INTRODUCTION: A current limitation of single chamber implantable cardioverter defibrillators (ICDs) is the lack of an atrial lead to reliably detect atrial fibrillation (AF) episodes. A novel ventricular based atrial fibrillation (VBAF) detection algorithm was created for single chamber ICDs to assess R‐R variability for detection of AF. METHODS: Patients implanted with Visia AF™ ICDs were prospectively enrolled in the Medtronic Product Surveillance Registry from December 15, 2015 to January 23, 2019 and followed with at least 30 days of monitoring with the algorithm. Time to device‐detected daily burden of AF ≥ 6 min, ≥6 h, and ≥23 h were reported. Clinical actions after device‐detected AF were recorded. RESULTS: A total of 291 patients were enrolled with a mean follow‐up of 22.5 ± 7.9 months. Of these, 212 (73%) had no prior history of AF at device implant. However, 38% of these individuals had AF detected with the VBAF algorithm with daily burden of ≥6 min within two years of implant.
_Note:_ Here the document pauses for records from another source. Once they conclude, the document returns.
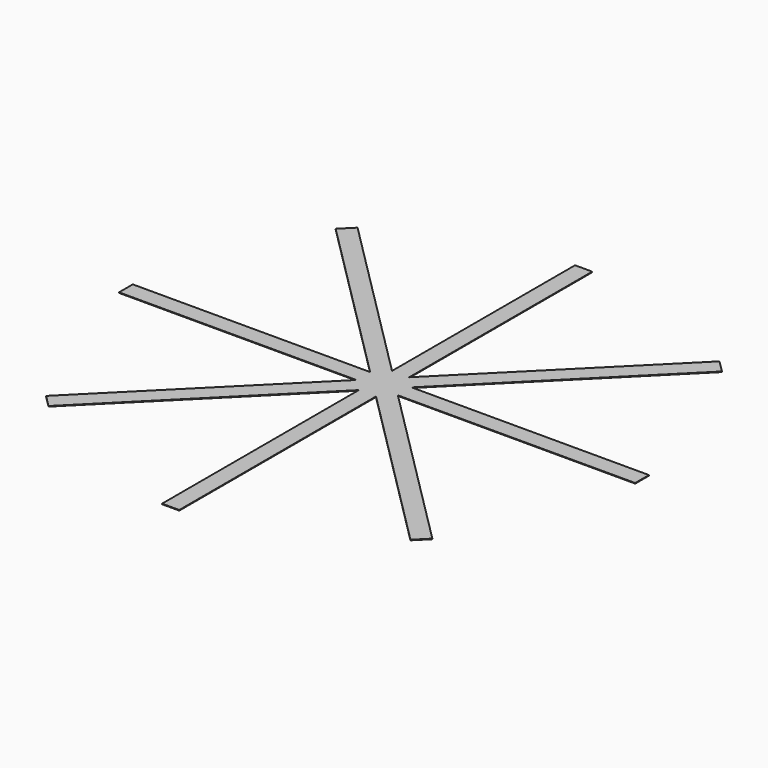
from build123d import *

# Parameters (mm, degrees)
F1_DEPTH = 0.2


# Not quite as in the source:
# - a feature names something its author has since deleted; it is built from what else it names


with BuildPart() as f1:
    # F0 (on Top) → F1 (new body)
    with BuildSketch(Plane.XY):
        Polygon((3, 87.0174653775), (-3, 87.0174653775), (-3, 7.2426406871), (-3, 3), (3, 3), (3, 7.2426406871), align=None)
        Polygon((-7.2426406871, 3), (-3, 7.2426406871), (-63.1040764009, 67.346717088), (-67.346717088, 63.1040764009), align=None)
        Polygon((-3, 3), (-3, 7.2426406871), (-7.2426406871, 3), align=None)
        Polygon((7.2426406871, 3), (3, 7.2426406871), (3, 3), align=None)
        Polygon((63.1040764009, 67.346717088), (3, 7.2426406871), (7.2426406871, 3), (67.346717088, 63.1040764009), align=None)
        Polygon((3, 3), (-3, 3), (-3, 0), (0, 0), (3, 0), align=None)
        Polygon((-3, 0), (-3, 3), (-7.2426406871, 3), (-90, 3), (-90, -3), (-7.2426406871, -3), (-3, -3), align=None)
        Polygon((7.2426406871, 3), (3, 3), (3, 0), (3, -3), (7.2426406871, -3), (90, -3), (90, 3), align=None)
        Polygon((0, 0), (-3, 0), (-3, -3), (3, -3), (3, 0), align=None)
        Polygon((3, -3), (-3, -3), (-3, -7.2426406871), (-3, -92.9825346225), (3, -92.9825346225), (3, -7.2426406871), align=None)
        Polygon((-3, -7.2426406871), (-3, -3), (-7.2426406871, -3), align=None)
        Polygon((7.2426406871, -3), (3, -3), (3, -7.2426406871), align=None)
        Polygon((-63.1040764009, -67.346717088), (-3, -7.2426406871), (-7.2426406871, -3), (-67.346717088, -63.1040764009), align=None)
        Polygon((7.2426406871, -3), (3, -7.2426406871), (63.1040764009, -67.346717088), (67.346717088, -63.1040764009), align=None)
    extrude(amount=F1_DEPTH)


solid = f1.part
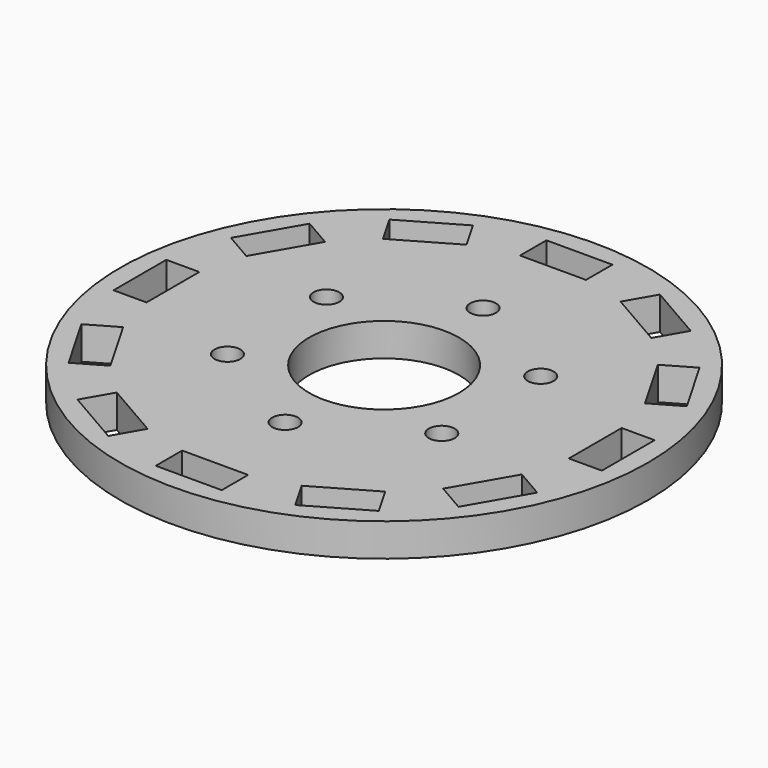
from build123d import *

# Parameters (mm, degrees)
F0_R            = 50.8
F0_R_2          = 14.4272
F1_DEPTH        = 6.35
F2_W            = 12.7
F2_H            = 6.35
F3_DEPTH        = 6.351
F3_COPIES_COUNT = 12
F4_R            = 2.4892
F5_DEPTH        = 6.351
F5_COPIES_COUNT = 6


# Not quite as in the source:
# - a pattern or mirror of a feature is missing from the dataset's text; its kind, count and spacing are read off the source's solid


with BuildPart() as f1:
    # F0 (on Top) → F1 (new body)
    with BuildSketch(Plane.XY):
        Circle(F0_R)
        Circle(F0_R_2, mode=Mode.SUBTRACT)
    extrude(amount=F1_DEPTH)

    # F2 (on face) → F3 (cut, through all)
    with BuildSketch(Plane.XY.offset(6.35)):
        with Locations((0, 43.815)):
            Rectangle(F2_W, F2_H)
    f3 = extrude(amount=-F3_DEPTH, mode=Mode.SUBTRACT)

    # F3_copies: F3 ×12 about axis
    f3_copies_axis = Axis((0, 0, 0), (0, 0, 1))
    for i in range(1, F3_COPIES_COUNT):
        add(f3.rotate(f3_copies_axis, i * 360 / F3_COPIES_COUNT), mode=Mode.SUBTRACT)

    # F4 (on face) → F5 (cut, through all)
    with BuildSketch(Plane.XY.offset(6.35)):
        with Locations((0, 23.8125)):
            Circle(F4_R)
    f5 = extrude(amount=-F5_DEPTH, mode=Mode.SUBTRACT)

    # F5_copies: F5 ×6 about axis
    f5_copies_axis = Axis((0, 0, 0), (0, 0, 1))
    for i in range(1, F5_COPIES_COUNT):
        add(f5.rotate(f5_copies_axis, i * 360 / F5_COPIES_COUNT), mode=Mode.SUBTRACT)


solid = f1.part
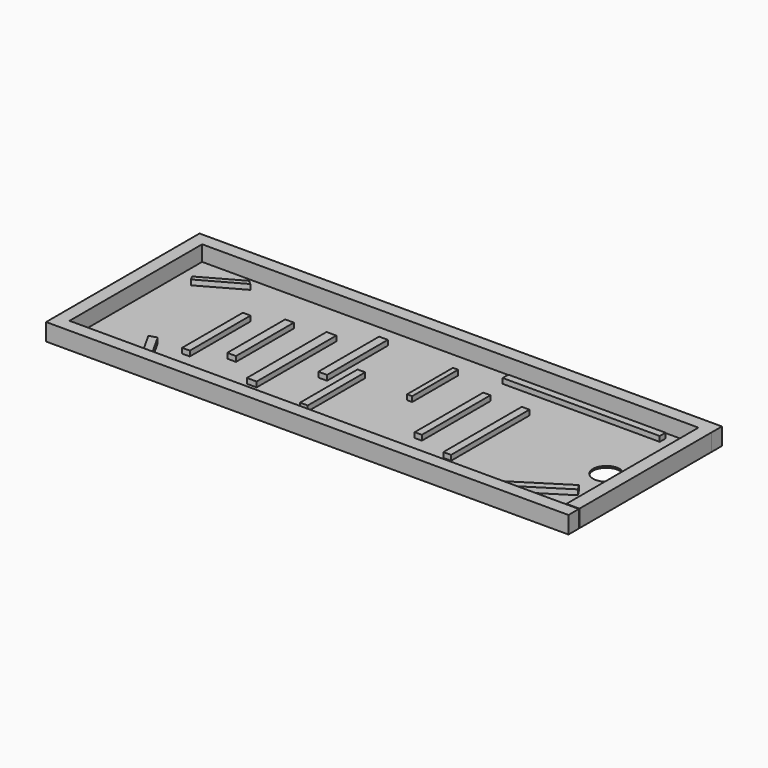
from build123d import *

# Parameters (mm, degrees)
F2_DEPTH = 25.4
F0_W     = 48.0314
F0_H     = 608.6317263126
F3_DEPTH = 63.5
F0_W_2   = 1828.8
F0_H_2   = 609.6
F0_W_3   = 28.3958315849
F0_H_3   = 280.1721617579
F0_H_4   = 265.0277093053
F0_W_4   = 35.9680652618
F0_H_5   = 367.2526776791
F0_W_5   = 26.5027880669
F0_H_6   = 316.140204668
F0_H_7   = 361.5735173225
F0_W_6   = 32.1819484234
F0_H_8   = 266.9207602739
F0_W_7   = 32.1819335222
F0_H_9   = 280.1721505821
F0_W_8   = 18.93055439
F0_H_10  = 211.7604613304
F0_R     = 49.3032271109
F0_W_9   = 579.2748481035
F0_H_11  = 26.5027880669
F4_DEPTH = 6.35
F5_DEPTH = 25.4
F7_DEPTH = 25.4
F8_DEPTH = 25.4


# Not quite as in the source:
# - the program builds the solid bodies; features that only make, move or delete a surface that nothing else refers to are left out


with BuildPart() as f2:
    # F0 (on Top) → F2 (new body)
    with BuildSketch(Plane.XY):
        Polygon((-724.242739406, -180.6030766776), (-664.2644405365, -288.006067276), (-639.6492631828, -274.2599280315), (-696.7837155241, -171.9494063374), align=None)
    extrude(amount=F2_DEPTH)


with BuildPart() as f3:
    # F0 (on Top) → F3 (new body)
    with BuildSketch(Plane.XY):
        Polygon((-914.4, -306.5295712601), (-914.4, -304.8), (-914.4, 304.8), (-962.4407291412, 304.8), (-962.4407291412, -306.5295712601), align=None)
        Polygon((964.4395112991, -306.5295712601), (-914.4, -306.5295712601), (-962.4407291412, -306.5295712601), (-962.4407291412, -354.5609712601), (964.4395112991, -354.5609712601), align=None)
        Polygon((-962.4407291412, 304.8), (-914.4, 304.8), (914.4, 304.8), (916.3329601288, 304.8), (964.3643601288, 304.8), (964.4395112991, 304.8), (964.4395112991, 352.8314), (-962.4407291412, 352.8314), align=None)
        with Locations((940.3486601288, 0.4841368437)):
            Rectangle(F0_W, F0_H)
    extrude(amount=F3_DEPTH)


with BuildPart() as f4:
    # F0 (on Top) → F4 (new body)
    with BuildSketch(Plane.XY):
        Rectangle(F0_W_2, F0_H_2)
        Polygon((-639.6492631828, -274.2599280315), (-664.2644405365, -288.006067276), (-724.242739406, -180.6030766776), (-696.7837155241, -171.9494063374), align=None, mode=Mode.SUBTRACT)
        with Locations((-587.59573102, -38.1228066981)):
            Rectangle(F0_W_3, F0_H_3, mode=Mode.SUBTRACT)
        with Locations((-108.6528003216, -100.5936227739)):
            Rectangle(F0_W_3, F0_H_4, mode=Mode.SUBTRACT)
        with Locations((-320.6749558449, -24.8714238405)):
            Rectangle(F0_W_4, F0_H_5, mode=Mode.SUBTRACT)
        Polygon((652.9883329754, -274.2599280315), (634.3713402748, -253.9310753345), (825.5698084831, -132.7755451202), (840.0946035245, -155.6974749573), align=None, mode=Mode.SUBTRACT)
        with Locations((263.332515955, -12.5665664673)):
            Rectangle(F0_W_5, F0_H_6, mode=Mode.SUBTRACT)
        with Locations((406.2581658363, -35.2832227945)):
            Rectangle(F0_W_3, F0_H_7, mode=Mode.SUBTRACT)
        with Locations((-464.5471423864, 12.0431557298)):
            Rectangle(F0_W_6, F0_H_8, mode=Mode.SUBTRACT)
        with Locations((-186.2680539489, 90.6049404293)):
            Rectangle(F0_W_7, F0_H_9, mode=Mode.SUBTRACT)
        Polygon((-857.3560714722, 187.1507465839), (-711.5908265114, 268.5521245003), (-696.7837155241, 255.1123515359), (-848.1149500553, 170.6026934488), align=None, mode=Mode.SUBTRACT)
        with Locations((94.8506072164, 105.8802306652)):
            Rectangle(F0_W_8, F0_H_10, mode=Mode.SUBTRACT)
        with Locations((820.462346077, 0)):
            Circle(F0_R, mode=Mode.SUBTRACT)
        with Locations((526.467166841, 264.7660076618)):
            Rectangle(F0_W_9, F0_H_11, mode=Mode.SUBTRACT)
    extrude(amount=F4_DEPTH)

    # F0 (on Top) → F5 (join)
    with BuildSketch(Plane.XY):
        with Locations((-587.59573102, -38.1228066981)):
            Rectangle(F0_W_3, F0_H_3)
        Polygon((-696.7837155241, 255.1123515359), (-711.5908265114, 268.5521245003), (-857.3560714722, 187.1507465839), (-848.1149500553, 170.6026934488), align=None)
        with Locations((-464.5471423864, 12.0431557298)):
            Rectangle(F0_W_6, F0_H_8)
        with Locations((-320.6749558449, -24.8714238405)):
            Rectangle(F0_W_4, F0_H_5)
        with Locations((-186.2680539489, 90.6049404293)):
            Rectangle(F0_W_7, F0_H_9)
        with Locations((-108.6528003216, -100.5936227739)):
            Rectangle(F0_W_3, F0_H_4)
        with Locations((94.8506072164, 105.8802306652)):
            Rectangle(F0_W_8, F0_H_10)
        with Locations((263.332515955, -12.5665664673)):
            Rectangle(F0_W_5, F0_H_6)
        with Locations((406.2581658363, -35.2832227945)):
            Rectangle(F0_W_3, F0_H_7)
    extrude(amount=F5_DEPTH)

    # F0 (on Top) → F7 (join)
    with BuildSketch(Plane.XY):
        with Locations((526.467166841, 264.7660076618)):
            Rectangle(F0_W_9, F0_H_11)
    extrude(amount=F7_DEPTH)

    # F0 (on Top) → F8 (join)
    with BuildSketch(Plane.XY):
        Polygon((825.5698084831, -132.7755451202), (634.3713402748, -253.9310753345), (652.9883329754, -274.2599280315), (840.0946035245, -155.6974749573), align=None)
    extrude(amount=F8_DEPTH)


solid = Compound([f2.part, f3.part, f4.part])
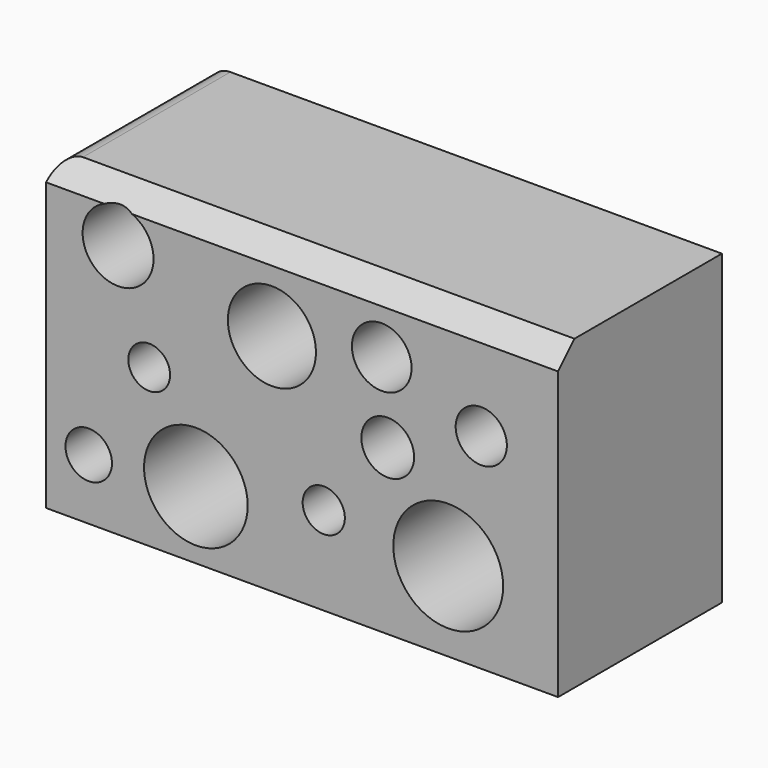
from build123d import *

# Parameters (mm, degrees)
F0_W        = 127
F0_H        = 76.2
F0_R        = 5.7659781113
F0_R_2      = 12.8582731401
F0_R_3      = 5.2319601114
F0_R_4      = 13.6233305285
F0_R_5      = 5.1796195503
F0_R_6      = 10.9267536549
F0_R_7      = 8.7936415442
F0_R_8      = 6.5428428961
F0_R_9      = 6.35
F1_DEPTH    = 50.8
F2_R        = 7.4007288491
F3_DEPTH    = 51.054
F4_T1_DEPTH = 153.1282991577
F5_R        = 5.08


# Not quite as in the source:
# - a fillet or chamfer that OpenCascade refuses, or shapes differently, is made with other operations: its cross-section is extruded or revolved along the edge and cut away or added


with BuildPart() as f1:
    # F0 (on Front) → F1 (new body)
    with BuildSketch(Plane.XZ):
        with Locations((1.9998494536, 3.723031328)):
            Rectangle(F0_W, F0_H)
        with Locations((-50.9259700775, -19.3260908127)):
            Circle(F0_R, mode=Mode.SUBTRACT)
        with Locations((-24.3451949209, -17.612459138)):
            Circle(F0_R_2, mode=Mode.SUBTRACT)
        with Locations((7.3802489787, -12.4715631828)):
            Circle(F0_R_3, mode=Mode.SUBTRACT)
        with Locations((38.248244673, -14.6136032417)):
            Circle(F0_R_4, mode=Mode.SUBTRACT)
        with Locations((-35.9206944704, 4.664753098)):
            Circle(F0_R_5, mode=Mode.SUBTRACT)
        with Locations((-5.4814172909, 21.3726628572)):
            Circle(F0_R_6, mode=Mode.SUBTRACT)
        with Locations((-43.6376929283, 28.6555960774)):
            Circle(F0_R_7, mode=Mode.SUBTRACT)
        with Locations((23.2429709285, 6.3783847727)):
            Circle(F0_R_8, mode=Mode.SUBTRACT)
        with Locations((46.4498494536, 16.423031328)):
            Circle(F0_R_9, mode=Mode.SUBTRACT)
    extrude(amount=F1_DEPTH)

    # F2 (on face) → F3 (cut)
    with BuildSketch(Plane.XZ.offset(50.8)):
        with Locations((21.7594634742, 25.6567392498)):
            Circle(F2_R)
    extrude(amount=-F3_DEPTH, mode=Mode.SUBTRACT)

    # F4: chamfer of 5.08 on 1 edges, made by hand

    # F4_s2 → F4_t1 (cut)
    with BuildSketch(Plane.YZ.offset(-74.5643001253)):
        Polygon((-45.72, 41.823031328), (-50.8, 36.743031328), (-50.8, 41.823031328), align=None)
    extrude(amount=F4_T1_DEPTH, mode=Mode.SUBTRACT)

    # F5
    f5_edges = [f1.edges().sort_by_distance(p)[0] for p in [
        (-61.500151, -22.86, 41.823031),
    ]]
    fillet(f5_edges, radius=F5_R)


solid = f1.part
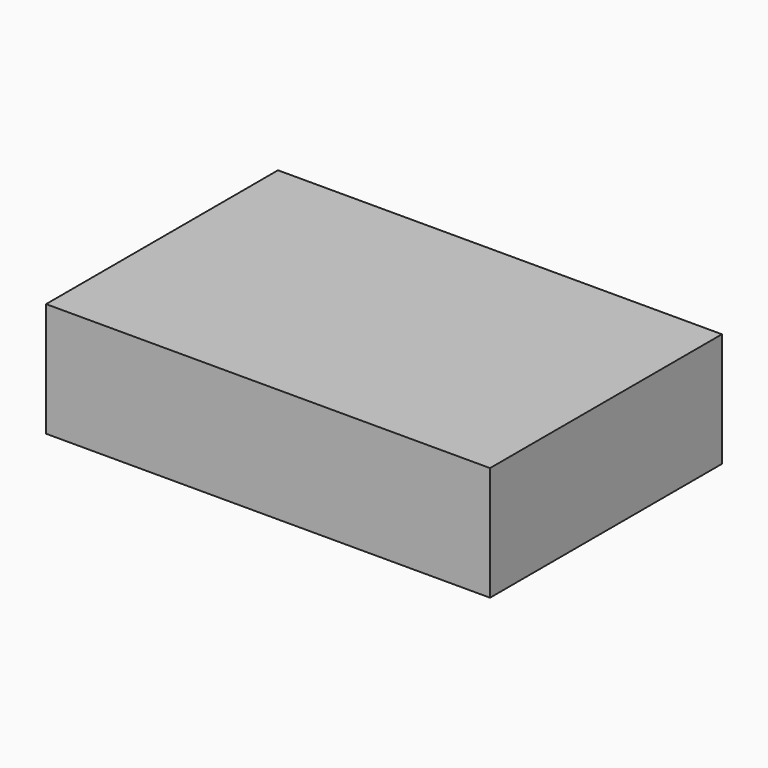
from build123d import *

# Parameters (mm, degrees)
F0_W     = 106.0992144048
F0_H     = 27.2772312164
F1_DEPTH = 69.273641333


# Not quite as in the source:
# - the program builds the solid bodies; features that only make, move or delete a surface that nothing else refers to are left out


with BuildPart() as f1:
    # F0 (on Front) → F1 (new body)
    with BuildSketch(Plane.XZ):
        with Locations((-18.6058748513, 54.5294582844)):
            Rectangle(F0_W, F0_H)
    extrude(amount=F1_DEPTH)


solid = f1.part
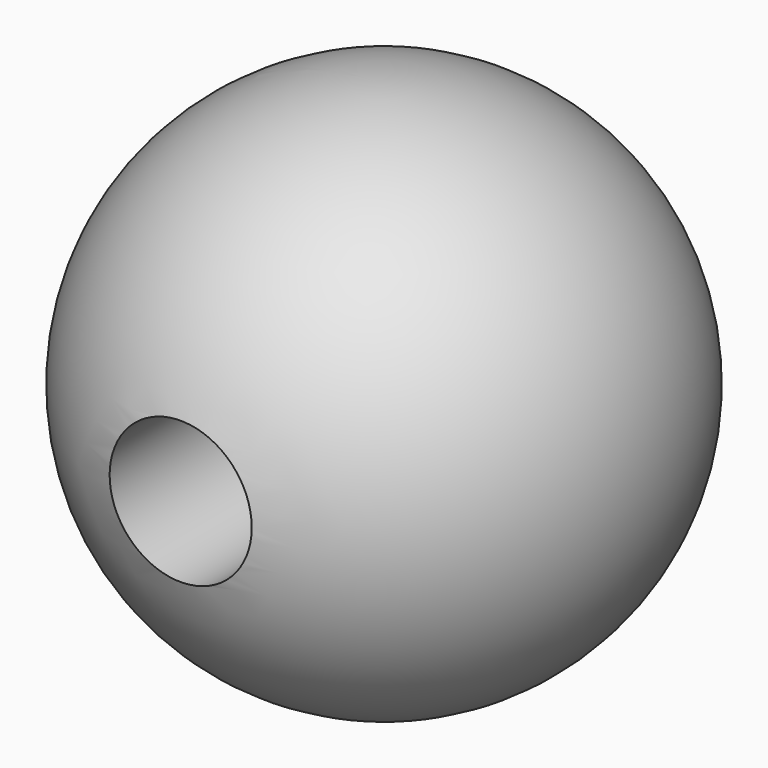
from build123d import *

# Parameters (mm, degrees)
F3_R     = 3.5
F4_DEPTH = 128.4


with BuildPart() as f1:
    # F0 (on Front) → F1 (revolve)
    with BuildSketch(Plane.XZ):
        with BuildLine():
            Line((0, 0), (0, 13))
            ThreePointArc((0, 13), (-13, 0), (0, -13))
            Line((0, -13), (0, 0))
        make_face()
    revolve(axis=Axis((0, 0, -0.8736374089), (0, 0, -1)))

    # F3 (on offset) → F4 (cut)
    with BuildSketch(Plane.XZ.offset(48.5)):
        Circle(F3_R)
    extrude(amount=-F4_DEPTH, mode=Mode.SUBTRACT)


solid = f1.part
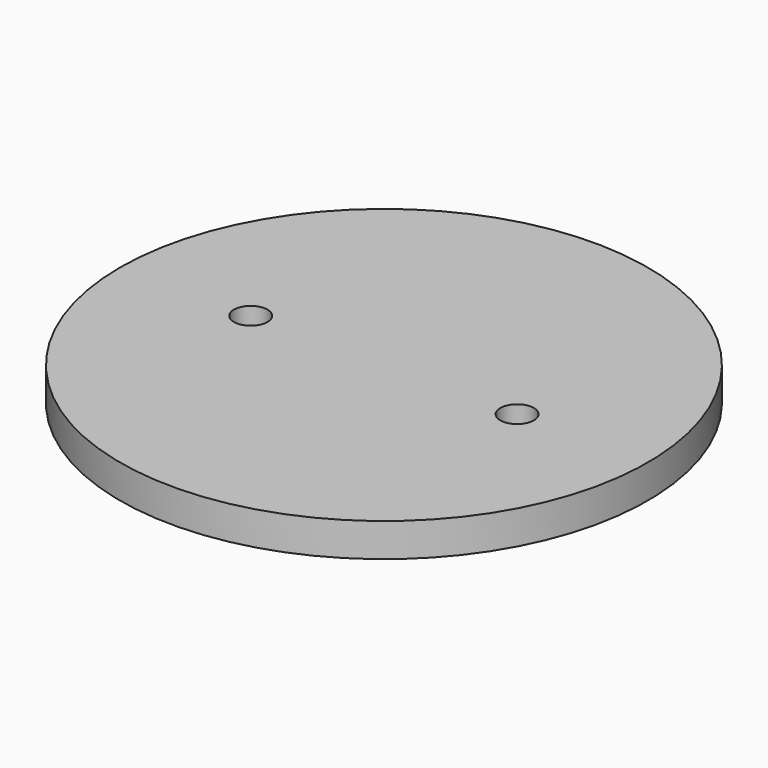
from build123d import *

# Parameters (mm, degrees)
F0_W = 49.55
F0_H = 6.3
F3_D = 6.3


# Not quite as in the source:
# - a feature names something its author has since deleted; it is built from what else it names


with BuildPart() as f1:
    # F0 (on Front) → F1 (revolve)
    with BuildSketch(Plane.XZ):
        with Locations((-24.775, 9.45)):
            Rectangle(F0_W, F0_H)
    revolve(axis=Axis((0, 0, -5.1516543608), (0, 0, -1)))

    # F3 (through all)
    with Locations(Plane(origin=(0, 0, 0), x_dir=(1, 0, 0), z_dir=(0, 0, -1))):
        with Locations((25, 0), (-25, 0)):
            Hole(F3_D / 2)


solid = f1.part

In these 80 patients with newly detected AF by their ICD, 23 (29%) had a confirmed clinical diagnosis of AF by their provider. Of patients with a clinical diagnosis of AF, nine (39%) were newly placed on anticoagulation, including five of five (100%) patients having a burden >23 h. CONCLUSIONS: Continuous AF monitoring with the new VBAF algorithm permits early identification and actionable treatment for patients with undiagnosed AF that may improve patient outcomes.